_EXERCISE PROMPT:_
Somewhere below are a line with "#11231 = DIRECTION" and a later line with "#19977 = CARTESIAN_POINT". Output exactly those lines and all lines between them.

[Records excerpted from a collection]
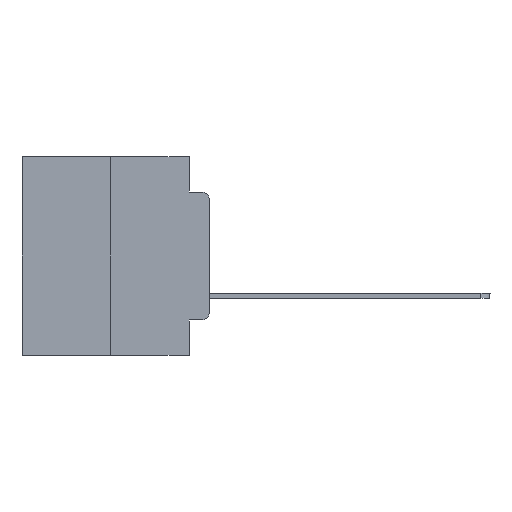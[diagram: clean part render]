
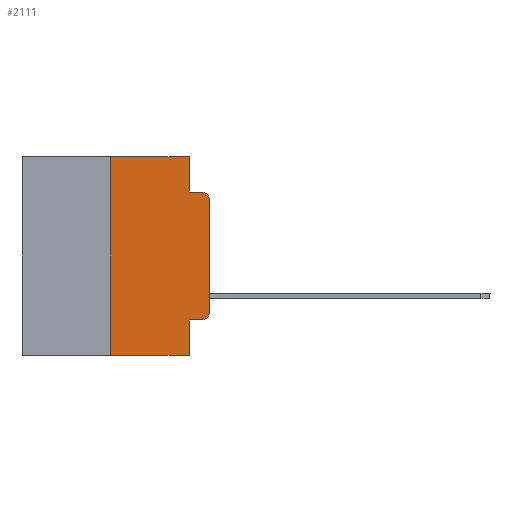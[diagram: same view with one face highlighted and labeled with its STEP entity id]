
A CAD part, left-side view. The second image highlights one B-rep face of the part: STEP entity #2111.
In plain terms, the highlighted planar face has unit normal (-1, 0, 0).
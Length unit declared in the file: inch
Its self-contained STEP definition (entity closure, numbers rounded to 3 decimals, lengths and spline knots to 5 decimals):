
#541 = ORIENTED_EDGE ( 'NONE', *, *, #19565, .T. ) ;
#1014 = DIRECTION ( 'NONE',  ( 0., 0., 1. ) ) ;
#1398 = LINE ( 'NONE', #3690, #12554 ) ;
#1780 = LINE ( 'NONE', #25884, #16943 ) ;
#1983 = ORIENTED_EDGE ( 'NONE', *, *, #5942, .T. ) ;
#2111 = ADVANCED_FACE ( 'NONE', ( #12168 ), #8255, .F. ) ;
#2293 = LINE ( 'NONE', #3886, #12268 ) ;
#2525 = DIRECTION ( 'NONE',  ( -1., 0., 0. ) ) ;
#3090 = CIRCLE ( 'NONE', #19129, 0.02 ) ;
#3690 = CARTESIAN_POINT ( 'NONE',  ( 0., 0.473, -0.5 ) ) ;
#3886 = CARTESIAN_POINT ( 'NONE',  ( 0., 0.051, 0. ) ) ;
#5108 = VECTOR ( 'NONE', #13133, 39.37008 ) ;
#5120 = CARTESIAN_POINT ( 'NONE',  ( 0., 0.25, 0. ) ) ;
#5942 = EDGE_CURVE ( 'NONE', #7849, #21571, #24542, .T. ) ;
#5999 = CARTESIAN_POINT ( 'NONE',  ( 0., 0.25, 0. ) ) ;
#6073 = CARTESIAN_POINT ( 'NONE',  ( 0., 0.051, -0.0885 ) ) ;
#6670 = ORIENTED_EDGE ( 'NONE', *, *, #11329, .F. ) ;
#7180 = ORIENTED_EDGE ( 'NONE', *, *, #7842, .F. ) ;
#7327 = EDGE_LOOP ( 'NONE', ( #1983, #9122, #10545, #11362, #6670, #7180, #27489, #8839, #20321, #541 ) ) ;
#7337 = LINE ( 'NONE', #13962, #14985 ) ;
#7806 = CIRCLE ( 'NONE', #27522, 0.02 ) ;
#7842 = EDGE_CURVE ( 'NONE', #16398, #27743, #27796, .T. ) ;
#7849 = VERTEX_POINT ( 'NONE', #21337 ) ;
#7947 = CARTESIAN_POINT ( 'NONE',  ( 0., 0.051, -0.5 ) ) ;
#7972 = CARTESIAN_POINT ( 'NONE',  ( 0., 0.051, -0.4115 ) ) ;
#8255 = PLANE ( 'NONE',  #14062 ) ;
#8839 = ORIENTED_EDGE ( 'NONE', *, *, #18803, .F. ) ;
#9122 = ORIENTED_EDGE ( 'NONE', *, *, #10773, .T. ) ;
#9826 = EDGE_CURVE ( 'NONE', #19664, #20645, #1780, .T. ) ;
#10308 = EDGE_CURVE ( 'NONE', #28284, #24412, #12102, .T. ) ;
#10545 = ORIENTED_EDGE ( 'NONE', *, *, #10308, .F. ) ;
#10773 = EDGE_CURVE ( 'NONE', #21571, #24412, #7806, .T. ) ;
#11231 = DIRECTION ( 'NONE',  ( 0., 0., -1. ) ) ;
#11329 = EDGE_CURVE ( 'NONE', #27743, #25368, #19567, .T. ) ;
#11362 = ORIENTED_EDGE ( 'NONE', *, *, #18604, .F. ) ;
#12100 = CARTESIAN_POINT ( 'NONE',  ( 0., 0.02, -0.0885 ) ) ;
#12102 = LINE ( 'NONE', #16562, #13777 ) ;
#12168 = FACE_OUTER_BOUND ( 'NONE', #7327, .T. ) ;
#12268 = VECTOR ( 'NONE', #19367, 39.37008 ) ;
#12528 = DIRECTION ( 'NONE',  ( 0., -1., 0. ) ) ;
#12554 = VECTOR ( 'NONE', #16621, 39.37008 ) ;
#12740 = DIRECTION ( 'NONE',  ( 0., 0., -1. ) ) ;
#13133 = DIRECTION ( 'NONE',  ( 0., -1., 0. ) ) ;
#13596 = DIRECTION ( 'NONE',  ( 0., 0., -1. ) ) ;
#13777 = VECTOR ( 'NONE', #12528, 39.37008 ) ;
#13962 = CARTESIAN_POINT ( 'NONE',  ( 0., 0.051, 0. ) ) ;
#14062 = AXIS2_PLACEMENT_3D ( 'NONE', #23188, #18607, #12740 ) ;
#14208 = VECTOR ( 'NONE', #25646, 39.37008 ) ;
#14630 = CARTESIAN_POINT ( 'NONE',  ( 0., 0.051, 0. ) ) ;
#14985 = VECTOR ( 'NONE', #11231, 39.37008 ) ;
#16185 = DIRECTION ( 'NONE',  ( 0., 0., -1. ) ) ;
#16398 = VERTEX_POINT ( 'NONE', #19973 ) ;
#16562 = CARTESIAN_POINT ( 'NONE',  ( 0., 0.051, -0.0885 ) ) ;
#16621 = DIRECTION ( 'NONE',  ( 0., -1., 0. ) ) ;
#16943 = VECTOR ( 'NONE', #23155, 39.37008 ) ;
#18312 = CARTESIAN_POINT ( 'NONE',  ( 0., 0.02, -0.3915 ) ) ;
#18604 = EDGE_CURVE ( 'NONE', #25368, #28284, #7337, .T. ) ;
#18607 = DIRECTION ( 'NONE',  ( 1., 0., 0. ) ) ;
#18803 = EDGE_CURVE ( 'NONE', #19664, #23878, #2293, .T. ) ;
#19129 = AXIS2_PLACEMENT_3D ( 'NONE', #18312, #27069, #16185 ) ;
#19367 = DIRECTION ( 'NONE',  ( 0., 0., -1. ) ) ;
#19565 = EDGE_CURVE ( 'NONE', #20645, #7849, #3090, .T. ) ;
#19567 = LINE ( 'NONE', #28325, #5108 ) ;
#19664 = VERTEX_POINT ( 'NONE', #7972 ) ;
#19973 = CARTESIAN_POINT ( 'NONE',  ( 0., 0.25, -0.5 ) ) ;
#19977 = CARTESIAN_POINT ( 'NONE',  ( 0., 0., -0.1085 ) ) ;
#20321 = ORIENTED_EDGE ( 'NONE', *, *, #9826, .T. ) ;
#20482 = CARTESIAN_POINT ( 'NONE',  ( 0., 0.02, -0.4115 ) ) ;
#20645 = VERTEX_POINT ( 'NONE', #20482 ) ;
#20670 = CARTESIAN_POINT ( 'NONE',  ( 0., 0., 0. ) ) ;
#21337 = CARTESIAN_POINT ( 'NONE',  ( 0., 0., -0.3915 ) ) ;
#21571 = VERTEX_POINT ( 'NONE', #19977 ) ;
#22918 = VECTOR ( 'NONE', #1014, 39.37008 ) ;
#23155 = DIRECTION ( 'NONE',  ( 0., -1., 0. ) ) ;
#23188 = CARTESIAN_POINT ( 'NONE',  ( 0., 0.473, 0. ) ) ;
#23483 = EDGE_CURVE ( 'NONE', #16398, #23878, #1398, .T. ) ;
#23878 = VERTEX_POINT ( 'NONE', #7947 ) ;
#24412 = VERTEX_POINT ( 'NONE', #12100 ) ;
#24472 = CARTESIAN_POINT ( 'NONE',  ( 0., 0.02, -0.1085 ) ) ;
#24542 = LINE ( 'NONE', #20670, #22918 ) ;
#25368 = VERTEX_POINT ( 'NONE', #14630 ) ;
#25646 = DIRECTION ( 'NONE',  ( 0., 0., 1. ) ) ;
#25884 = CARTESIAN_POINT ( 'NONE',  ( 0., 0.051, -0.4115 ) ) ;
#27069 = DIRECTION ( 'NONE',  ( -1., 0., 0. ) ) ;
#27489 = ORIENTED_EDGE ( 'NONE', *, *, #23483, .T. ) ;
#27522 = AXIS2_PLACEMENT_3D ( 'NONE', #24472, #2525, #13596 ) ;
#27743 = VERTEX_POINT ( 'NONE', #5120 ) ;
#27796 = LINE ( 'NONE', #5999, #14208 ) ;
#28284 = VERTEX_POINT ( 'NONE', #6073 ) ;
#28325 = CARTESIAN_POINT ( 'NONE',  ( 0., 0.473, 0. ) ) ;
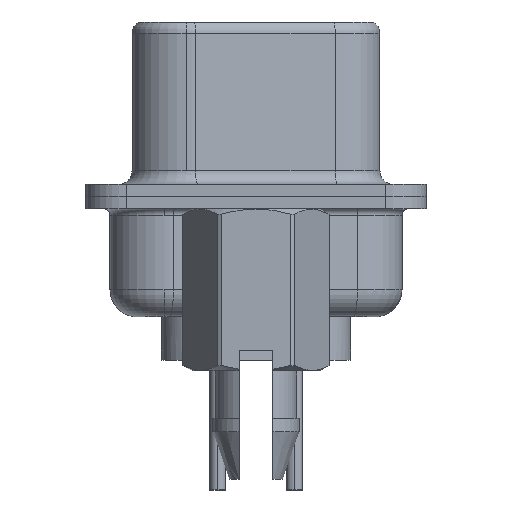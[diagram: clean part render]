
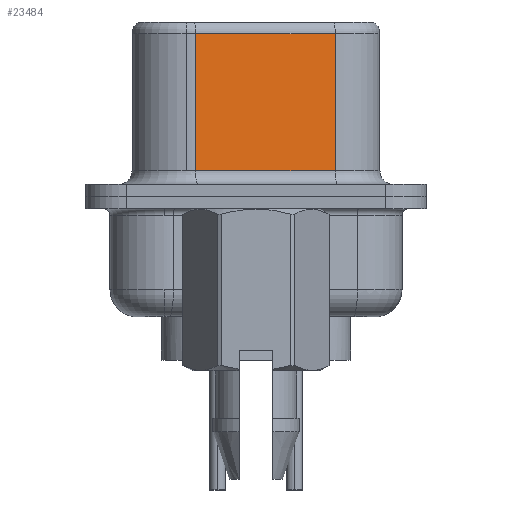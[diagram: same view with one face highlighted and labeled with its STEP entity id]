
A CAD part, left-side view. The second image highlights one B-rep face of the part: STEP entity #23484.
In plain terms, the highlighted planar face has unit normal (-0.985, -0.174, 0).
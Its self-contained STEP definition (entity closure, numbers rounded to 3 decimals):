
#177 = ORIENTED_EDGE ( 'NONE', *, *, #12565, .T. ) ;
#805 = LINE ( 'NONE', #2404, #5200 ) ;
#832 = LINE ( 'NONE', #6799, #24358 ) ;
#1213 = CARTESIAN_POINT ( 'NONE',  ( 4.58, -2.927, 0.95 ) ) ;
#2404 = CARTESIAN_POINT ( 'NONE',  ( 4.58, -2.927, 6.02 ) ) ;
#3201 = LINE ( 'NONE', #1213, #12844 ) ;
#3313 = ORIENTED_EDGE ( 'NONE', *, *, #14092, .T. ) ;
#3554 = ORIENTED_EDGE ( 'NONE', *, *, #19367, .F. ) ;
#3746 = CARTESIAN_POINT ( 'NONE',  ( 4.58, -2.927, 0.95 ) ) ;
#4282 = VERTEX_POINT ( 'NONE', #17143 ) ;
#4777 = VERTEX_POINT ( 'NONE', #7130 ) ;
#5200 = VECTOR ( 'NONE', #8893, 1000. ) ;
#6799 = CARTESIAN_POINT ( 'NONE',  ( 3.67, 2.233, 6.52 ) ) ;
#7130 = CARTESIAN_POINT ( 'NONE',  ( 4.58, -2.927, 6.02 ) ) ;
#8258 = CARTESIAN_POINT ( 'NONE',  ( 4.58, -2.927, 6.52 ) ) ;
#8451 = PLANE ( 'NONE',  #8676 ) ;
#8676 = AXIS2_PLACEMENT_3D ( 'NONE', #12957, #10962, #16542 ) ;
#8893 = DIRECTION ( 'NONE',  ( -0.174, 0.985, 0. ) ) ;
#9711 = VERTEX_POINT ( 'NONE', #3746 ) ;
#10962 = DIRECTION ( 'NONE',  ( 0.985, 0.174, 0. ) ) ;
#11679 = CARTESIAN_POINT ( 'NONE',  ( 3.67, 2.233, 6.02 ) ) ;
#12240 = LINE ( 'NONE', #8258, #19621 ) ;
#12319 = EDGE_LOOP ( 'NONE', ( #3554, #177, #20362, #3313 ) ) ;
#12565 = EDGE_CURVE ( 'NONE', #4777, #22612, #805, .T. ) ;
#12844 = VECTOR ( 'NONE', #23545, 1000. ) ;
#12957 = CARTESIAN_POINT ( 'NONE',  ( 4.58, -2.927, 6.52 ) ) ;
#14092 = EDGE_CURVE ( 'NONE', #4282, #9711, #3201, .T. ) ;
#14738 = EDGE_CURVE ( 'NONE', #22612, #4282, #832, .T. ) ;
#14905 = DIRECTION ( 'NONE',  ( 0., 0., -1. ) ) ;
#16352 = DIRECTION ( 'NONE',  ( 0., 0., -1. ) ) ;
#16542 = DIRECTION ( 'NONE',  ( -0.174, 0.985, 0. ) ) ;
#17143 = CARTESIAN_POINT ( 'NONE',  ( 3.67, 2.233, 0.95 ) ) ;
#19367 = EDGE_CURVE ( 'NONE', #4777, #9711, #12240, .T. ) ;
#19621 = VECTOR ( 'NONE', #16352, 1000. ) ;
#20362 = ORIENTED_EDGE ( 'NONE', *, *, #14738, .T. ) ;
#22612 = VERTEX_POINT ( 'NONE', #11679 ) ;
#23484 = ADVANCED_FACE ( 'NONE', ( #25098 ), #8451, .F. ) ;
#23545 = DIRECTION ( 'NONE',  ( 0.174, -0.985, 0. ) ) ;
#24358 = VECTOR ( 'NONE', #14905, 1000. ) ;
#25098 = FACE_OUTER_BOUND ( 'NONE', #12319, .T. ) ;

_OUTPUT FOR THIS EXERCISE:_
#11231 = DIRECTION ( 'NONE',  ( 0., 0., -1. ) ) ;
#11329 = EDGE_CURVE ( 'NONE', #27743, #25368, #19567, .T. ) ;
#11362 = ORIENTED_EDGE ( 'NONE', *, *, #18604, .F. ) ;
#12100 = CARTESIAN_POINT ( 'NONE',  ( 0., 0.02, -0.0885 ) ) ;
#12102 = LINE ( 'NONE', #16562, #13777 ) ;
#12168 = FACE_OUTER_BOUND ( 'NONE', #7327, .T. ) ;
#12268 = VECTOR ( 'NONE', #19367, 39.37008 ) ;
#12528 = DIRECTION ( 'NONE',  ( 0., -1., 0. ) ) ;
#12554 = VECTOR ( 'NONE', #16621, 39.37008 ) ;
#12740 = DIRECTION ( 'NONE',  ( 0., 0., -1. ) ) ;
#13133 = DIRECTION ( 'NONE',  ( 0., -1., 0. ) ) ;
#13596 = DIRECTION ( 'NONE',  ( 0., 0., -1. ) ) ;
#13777 = VECTOR ( 'NONE', #12528, 39.37008 ) ;
#13962 = CARTESIAN_POINT ( 'NONE',  ( 0., 0.051, 0. ) ) ;
#14062 = AXIS2_PLACEMENT_3D ( 'NONE', #23188, #18607, #12740 ) ;
#14208 = VECTOR ( 'NONE', #25646, 39.37008 ) ;
#14630 = CARTESIAN_POINT ( 'NONE',  ( 0., 0.051, 0. ) ) ;
#14985 = VECTOR ( 'NONE', #11231, 39.37008 ) ;
#16185 = DIRECTION ( 'NONE',  ( 0., 0., -1. ) ) ;
#16398 = VERTEX_POINT ( 'NONE', #19973 ) ;
#16562 = CARTESIAN_POINT ( 'NONE',  ( 0., 0.051, -0.0885 ) ) ;
#16621 = DIRECTION ( 'NONE',  ( 0., -1., 0. ) ) ;
#16943 = VECTOR ( 'NONE', #23155, 39.37008 ) ;
#18312 = CARTESIAN_POINT ( 'NONE',  ( 0., 0.02, -0.3915 ) ) ;
#18604 = EDGE_CURVE ( 'NONE', #25368, #28284, #7337, .T. ) ;
#18607 = DIRECTION ( 'NONE',  ( 1., 0., 0. ) ) ;
#18803 = EDGE_CURVE ( 'NONE', #19664, #23878, #2293, .T. ) ;
#19129 = AXIS2_PLACEMENT_3D ( 'NONE', #18312, #27069, #16185 ) ;
#19367 = DIRECTION ( 'NONE',  ( 0., 0., -1. ) ) ;
#19565 = EDGE_CURVE ( 'NONE', #20645, #7849, #3090, .T. ) ;
#19567 = LINE ( 'NONE', #28325, #5108 ) ;
#19664 = VERTEX_POINT ( 'NONE', #7972 ) ;
#19973 = CARTESIAN_POINT ( 'NONE',  ( 0., 0.25, -0.5 ) ) ;
#19977 = CARTESIAN_POINT ( 'NONE',  ( 0., 0., -0.1085 ) ) ;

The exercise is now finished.